Testing and Verification

  • Identify critical edge cases including empty inputs, single elements, duplicates, negative numbers, overflow conditions, and maximum input sizes for a given problem.
  • Apply systematic debugging strategies including dry-run tracing, invariant checking, and binary search on code segments to locate logical errors during an interview.

Optimization Techniques

  • Analyze a suboptimal solution to identify which data structure substitution (e.g., array to hash map, list to heap) would yield the greatest complexity improvement.
  • Apply precomputation techniques including prefix sums, suffix arrays, and memoization to eliminate redundant work in repeated subproblem scenarios.
6 Behavioral and Communication
3 topics

STAR Method and Storytelling

  • Describe the STAR (Situation, Task, Action, Result) framework and explain how to structure behavioral interview responses for maximum clarity and impact.
  • Apply the STAR method to craft responses about leadership, conflict resolution, failure handling, and teamwork scenarios drawing from real professional experience.

Technical Communication

  • Apply effective whiteboard communication techniques including talking through your thought process, writing pseudocode, and drawing diagrams before writing code.
  • Explain technical trade-offs and design decisions to interviewers by articulating alternatives considered, criteria used, and rationale for the chosen approach.
  • Analyze interview time constraints to allocate appropriate time to problem clarification, solution design, coding, and testing phases during a 45-minute technical interview.

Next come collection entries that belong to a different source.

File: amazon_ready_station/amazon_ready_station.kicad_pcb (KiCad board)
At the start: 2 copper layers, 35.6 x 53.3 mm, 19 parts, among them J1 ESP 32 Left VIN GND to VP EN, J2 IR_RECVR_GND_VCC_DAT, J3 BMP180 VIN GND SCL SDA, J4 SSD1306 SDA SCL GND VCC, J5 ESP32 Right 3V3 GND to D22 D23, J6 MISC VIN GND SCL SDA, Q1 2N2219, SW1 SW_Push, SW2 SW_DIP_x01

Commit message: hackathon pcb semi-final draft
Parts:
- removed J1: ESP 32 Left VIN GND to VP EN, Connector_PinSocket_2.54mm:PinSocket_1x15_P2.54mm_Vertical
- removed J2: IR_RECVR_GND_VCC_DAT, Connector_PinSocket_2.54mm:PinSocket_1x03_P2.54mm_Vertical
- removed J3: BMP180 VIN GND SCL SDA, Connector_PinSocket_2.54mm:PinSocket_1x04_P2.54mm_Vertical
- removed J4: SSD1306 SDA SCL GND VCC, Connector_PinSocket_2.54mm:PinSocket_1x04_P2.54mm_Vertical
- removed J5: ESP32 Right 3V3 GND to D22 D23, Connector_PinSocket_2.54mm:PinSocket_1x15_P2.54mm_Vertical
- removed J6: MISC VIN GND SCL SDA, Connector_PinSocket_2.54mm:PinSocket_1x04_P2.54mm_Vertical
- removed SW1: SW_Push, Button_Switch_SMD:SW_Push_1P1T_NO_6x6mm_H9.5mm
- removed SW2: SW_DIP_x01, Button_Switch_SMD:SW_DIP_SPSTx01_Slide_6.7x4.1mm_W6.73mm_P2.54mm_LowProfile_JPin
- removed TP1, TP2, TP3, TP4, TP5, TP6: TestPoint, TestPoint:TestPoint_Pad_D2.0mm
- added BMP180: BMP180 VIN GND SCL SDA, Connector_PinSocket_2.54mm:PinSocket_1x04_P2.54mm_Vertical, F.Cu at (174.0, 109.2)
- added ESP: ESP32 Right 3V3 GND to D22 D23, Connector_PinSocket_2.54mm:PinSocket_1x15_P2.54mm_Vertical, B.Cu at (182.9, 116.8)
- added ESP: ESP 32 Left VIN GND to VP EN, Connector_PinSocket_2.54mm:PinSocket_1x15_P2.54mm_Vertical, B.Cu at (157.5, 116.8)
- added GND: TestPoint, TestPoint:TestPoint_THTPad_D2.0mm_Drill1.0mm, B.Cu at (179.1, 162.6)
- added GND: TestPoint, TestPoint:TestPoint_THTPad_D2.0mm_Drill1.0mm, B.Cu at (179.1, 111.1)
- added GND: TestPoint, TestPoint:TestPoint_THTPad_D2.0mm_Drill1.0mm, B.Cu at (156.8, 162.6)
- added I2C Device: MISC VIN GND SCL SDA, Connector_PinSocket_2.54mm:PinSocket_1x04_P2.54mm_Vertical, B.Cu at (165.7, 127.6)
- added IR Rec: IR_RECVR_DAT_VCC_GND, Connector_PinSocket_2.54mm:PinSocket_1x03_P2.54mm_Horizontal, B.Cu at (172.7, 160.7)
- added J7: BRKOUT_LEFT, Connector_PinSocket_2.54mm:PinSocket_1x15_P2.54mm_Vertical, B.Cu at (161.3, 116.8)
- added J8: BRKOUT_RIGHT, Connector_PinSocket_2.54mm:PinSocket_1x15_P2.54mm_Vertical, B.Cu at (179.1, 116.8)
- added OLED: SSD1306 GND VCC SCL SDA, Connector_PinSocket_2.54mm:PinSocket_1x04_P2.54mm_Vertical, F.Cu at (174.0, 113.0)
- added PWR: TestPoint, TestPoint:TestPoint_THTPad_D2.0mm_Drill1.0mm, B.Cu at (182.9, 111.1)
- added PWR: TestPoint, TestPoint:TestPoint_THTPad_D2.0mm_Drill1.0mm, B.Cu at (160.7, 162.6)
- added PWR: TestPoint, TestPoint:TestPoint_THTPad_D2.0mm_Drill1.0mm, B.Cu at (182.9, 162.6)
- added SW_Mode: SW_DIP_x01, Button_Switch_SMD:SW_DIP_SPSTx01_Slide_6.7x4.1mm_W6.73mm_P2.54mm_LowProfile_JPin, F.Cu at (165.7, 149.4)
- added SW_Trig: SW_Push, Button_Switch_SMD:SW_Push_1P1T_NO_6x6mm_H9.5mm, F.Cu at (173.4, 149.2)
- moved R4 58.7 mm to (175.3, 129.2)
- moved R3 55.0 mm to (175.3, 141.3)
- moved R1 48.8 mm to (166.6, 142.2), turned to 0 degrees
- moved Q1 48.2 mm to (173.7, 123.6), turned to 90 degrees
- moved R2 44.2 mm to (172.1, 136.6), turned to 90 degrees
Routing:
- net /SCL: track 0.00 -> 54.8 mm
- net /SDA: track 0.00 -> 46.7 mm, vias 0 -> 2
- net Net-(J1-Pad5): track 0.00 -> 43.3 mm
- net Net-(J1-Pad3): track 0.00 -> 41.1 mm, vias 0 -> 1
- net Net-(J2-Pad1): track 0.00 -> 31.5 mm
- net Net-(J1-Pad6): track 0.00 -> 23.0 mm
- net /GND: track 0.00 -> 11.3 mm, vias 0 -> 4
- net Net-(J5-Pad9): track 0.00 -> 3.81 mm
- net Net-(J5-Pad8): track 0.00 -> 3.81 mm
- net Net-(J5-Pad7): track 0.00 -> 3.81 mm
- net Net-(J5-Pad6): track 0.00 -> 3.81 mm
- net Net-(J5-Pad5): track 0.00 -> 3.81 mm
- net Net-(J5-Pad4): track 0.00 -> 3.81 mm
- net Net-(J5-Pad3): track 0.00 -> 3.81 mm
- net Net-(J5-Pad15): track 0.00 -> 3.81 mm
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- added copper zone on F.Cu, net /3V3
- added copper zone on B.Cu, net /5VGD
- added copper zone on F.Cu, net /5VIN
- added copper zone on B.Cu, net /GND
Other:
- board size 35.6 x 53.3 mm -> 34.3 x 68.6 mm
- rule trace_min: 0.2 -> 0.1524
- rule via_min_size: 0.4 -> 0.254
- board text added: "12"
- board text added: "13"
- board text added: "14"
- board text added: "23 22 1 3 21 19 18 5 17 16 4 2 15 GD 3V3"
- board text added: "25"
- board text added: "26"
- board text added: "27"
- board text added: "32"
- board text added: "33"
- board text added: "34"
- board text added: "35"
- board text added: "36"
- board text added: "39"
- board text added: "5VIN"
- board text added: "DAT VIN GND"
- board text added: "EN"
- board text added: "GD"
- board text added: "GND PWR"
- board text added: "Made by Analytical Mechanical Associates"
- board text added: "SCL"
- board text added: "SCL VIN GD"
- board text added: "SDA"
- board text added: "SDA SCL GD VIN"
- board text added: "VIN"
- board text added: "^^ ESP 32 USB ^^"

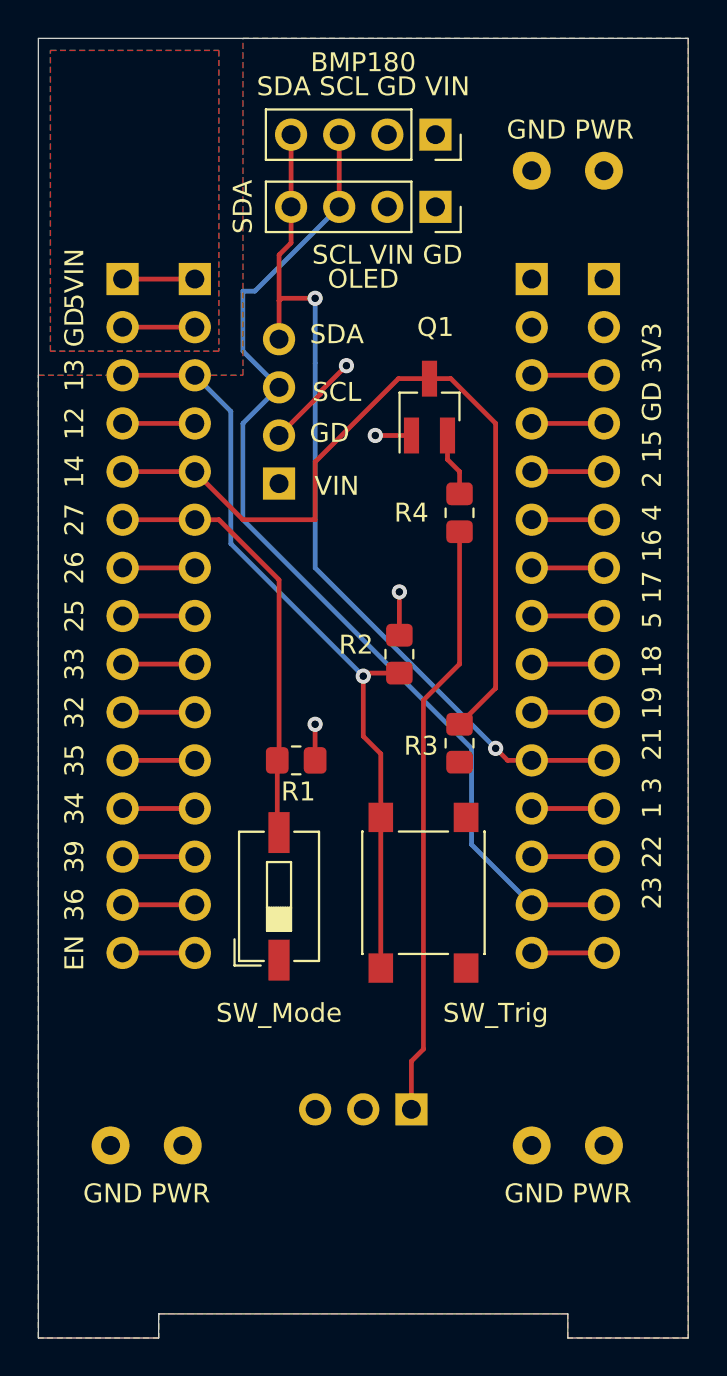
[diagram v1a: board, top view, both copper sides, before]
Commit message: chamfer edges, fix oled orientation bug
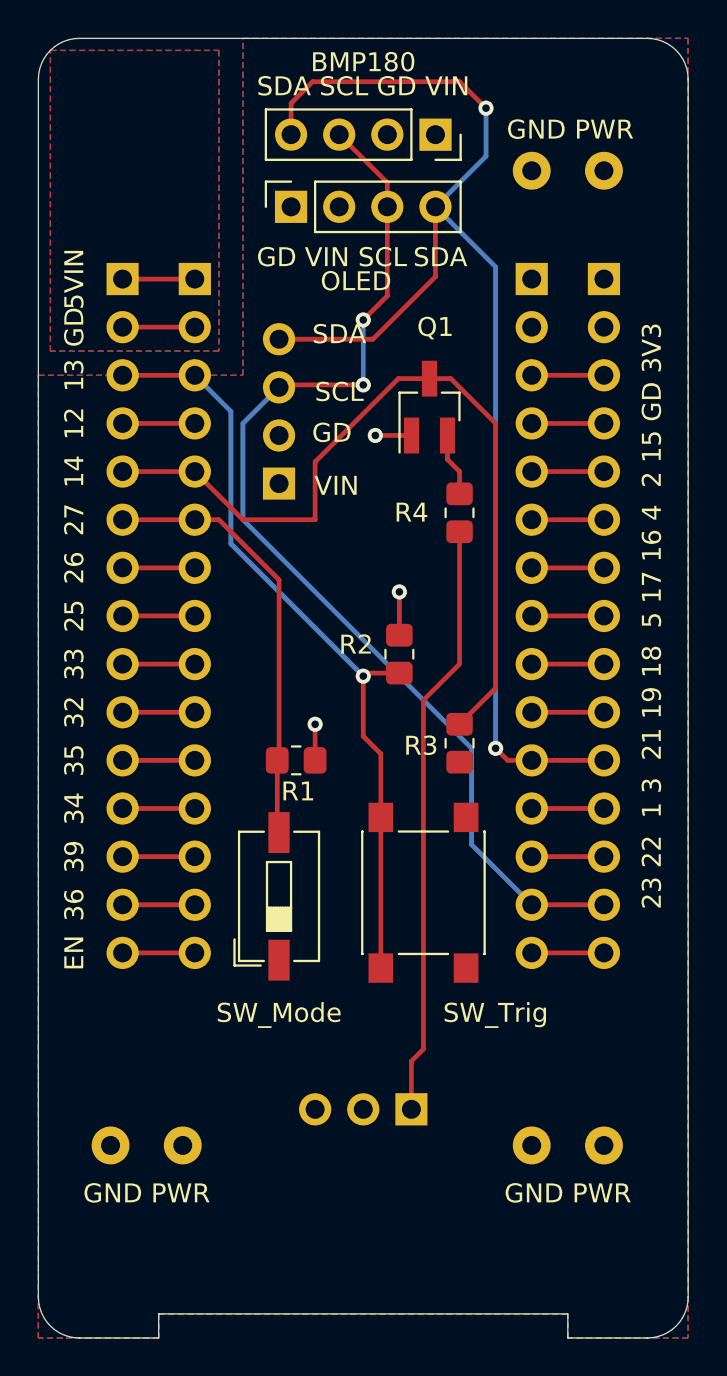
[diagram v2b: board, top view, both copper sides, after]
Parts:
- moved OLED 7.62 mm to (166.4, 113.0), turned to 90 degrees
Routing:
- net /SDA: track 46.7 -> 68.9 mm
- net /GND: track 11.3 -> 6.10 mm, vias 4 -> 3
- net /SCL: track 54.8 -> 57.5 mm, vias 0 -> 2
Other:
- outline, holes or cut-outs redrawn
- board text removed: "SCL VIN GD"

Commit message: update pcb and add time slider to virginia demo
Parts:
- removed BMP180: BMP180 VIN GND SCL SDA, Connector_PinSocket_2.54mm:PinSocket_1x04_P2.54mm_Vertical
- removed the ESP at (182.9, 116.8)
- removed GND, PWR: TestPoint, TestPoint:TestPoint_THTPad_D2.0mm_Drill1.0mm
- removed IR Rec: IR_RECVR_DAT_VCC_GND, Connector_PinSocket_2.54mm:PinSocket_1x03_P2.54mm_Horizontal
- removed SW_Mode: SW_DIP_x01, Button_Switch_SMD:SW_DIP_SPSTx01_Slide_6.7x4.1mm_W6.73mm_P2.54mm_LowProfile_JPin
- removed SW_Trig: SW_Push, Button_Switch_SMD:SW_Push_1P1T_NO_6x6mm_H9.5mm
- added 5V GD: TestPoint, amazon_ready_station:pad_right, F.Cu at (162.7, 104.8)
- added 5V GD: TestPoint, TestPoint:TestPoint_THTPad_D2.0mm_Drill1.0mm, B.Cu at (161.3, 113.0)
- added 5V GD: TestPoint, TestPoint:TestPoint_THTPad_D2.0mm_Drill1.0mm, B.Cu at (161.3, 109.7)
- added 5V IN: TestPoint, amazon_ready_station:pad_left, F.Cu at (177.7, 104.8)
- added 5V IN: TestPoint, TestPoint:TestPoint_THTPad_D2.0mm_Drill1.0mm, B.Cu at (179.1, 113.0)
- added 5V IN: TestPoint, TestPoint:TestPoint_THTPad_D2.0mm_Drill1.0mm, B.Cu at (179.1, 109.7)
- added BME280: BMP180 VIN GND SCL SDA, Connector_PinSocket_2.54mm:PinSocket_1x04_P2.54mm_Vertical, F.Cu at (174.0, 107.4)
- added IR Recv: IR_RECVR_GND_VIN_DAT, Connector_PinSocket_2.54mm:PinSocket_1x03_P2.54mm_Horizontal, F.Cu at (167.6, 157.6)
- added J5: ESP32 Right 3V3 GND to D22 D23, Connector_PinSocket_2.54mm:PinSocket_1x15_P2.54mm_Vertical, B.Cu at (182.9, 116.8)
- added Mode: SW_Push, Button_Switch_SMD:SW_Push_1P1T_NO_6x6mm_H9.5mm, F.Cu at (166.4, 149.2)
- added Trigger: SW_Push, Button_Switch_SMD:SW_Push_1P1T_NO_6x6mm_H9.5mm, F.Cu at (174.0, 149.2)
- I2C: renamed from I2C Device
- renumbered PWR to 3V3, GND to GD
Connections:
- ESP pad 1: /5VGD -> /5VIN
- ESP pad 2: /5VIN -> /5VGD
- J7 pad 1: /5VGD -> /5VIN
- J7 pad 2: /5VIN -> /5VGD
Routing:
- net /5VIN: track 3.81 -> 51.5 mm
- net /GND: track 6.10 -> 36.6 mm
- net /5VGD: track 3.81 -> 21.0 mm
- net Net-(J1-Pad6): track 23.0 -> 31.8 mm
- net /SDA: track 68.9 -> 61.3 mm, vias 2 -> 1
- net Net-(J2-Pad3): track 31.5 -> 28.5 mm
- net /SCL: track 57.5 -> 60.2 mm
- net Net-(J1-Pad3): track 41.1 -> 41.8 mm
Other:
- board size 34.3 x 68.6 mm -> 34.3 x 64.1 mm
- board text added: "23 22 1 3 21 19 18 5 17 16 4 2 15 GD"
- board text added: "3V3"
- board text added: "5V GD"
- board text added: "5V IN"
- board text added: "DAT"
- board text added: "GND 3V3"
- board text added: "Made by A. Tambe, Analytical Mechanical Associates"
- board text added: "OUT"
- board text removed: "23 22 1 3 21 19 18 5 17 16 4 2 15 GD 3V3"
- board text removed: "DAT VIN GND"
- board text removed: "GND PWR"
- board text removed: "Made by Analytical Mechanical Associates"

Culture and Values Alignment

  • Describe strategies for researching a company's engineering culture, values, and technical challenges to prepare targeted behavioral responses.
  • Apply growth mindset framing to discuss past failures, learning experiences, and professional development in a way that demonstrates self-awareness and resilience.

Hands-On Labs

3 labs ~60 min total Console Simulator Code Sandbox

Practice in a simulated cloud console or Python code sandbox — no account needed. Each lab runs entirely in your browser.

Scope

Included Topics

  • Core data structures: arrays, strings, linked lists, stacks, queues, hash tables, trees (binary, BST, AVL, trie), heaps, graphs (directed, undirected, weighted).
  • Fundamental algorithms: sorting (merge, quick, heap, counting, radix), searching (binary search, BFS, DFS), dynamic programming, greedy algorithms, backtracking, divide and conquer.
  • System design basics: load balancers, caching, database sharding, message queues, API design, scalability patterns, CAP theorem, and microservice concepts.
  • Complexity analysis: Big-O, Big-Theta, Big-Omega notation, time and space complexity for common operations, amortized analysis basics.
  • Problem-solving strategies: pattern recognition, constraint identification, brute force to optimal progression, edge case analysis, test case design.
  • Behavioral and communication skills: STAR method, explaining technical decisions, whiteboard communication, clarifying ambiguous requirements, time management during interviews.

Not Covered

  • Solutions to specific LeetCode or HackerRank problems.
  • Company-specific interview processes, hiring timelines, or recruiter strategies.
  • Language-specific syntax, standard library details, or framework knowledge.
  • Competitive programming techniques beyond standard interview scope (e.g., segment trees, heavy-light decomposition).
  • Salary negotiation, offer evaluation, or career coaching.
  • Machine learning, data science, or domain-specific system design (e.g., ML system design).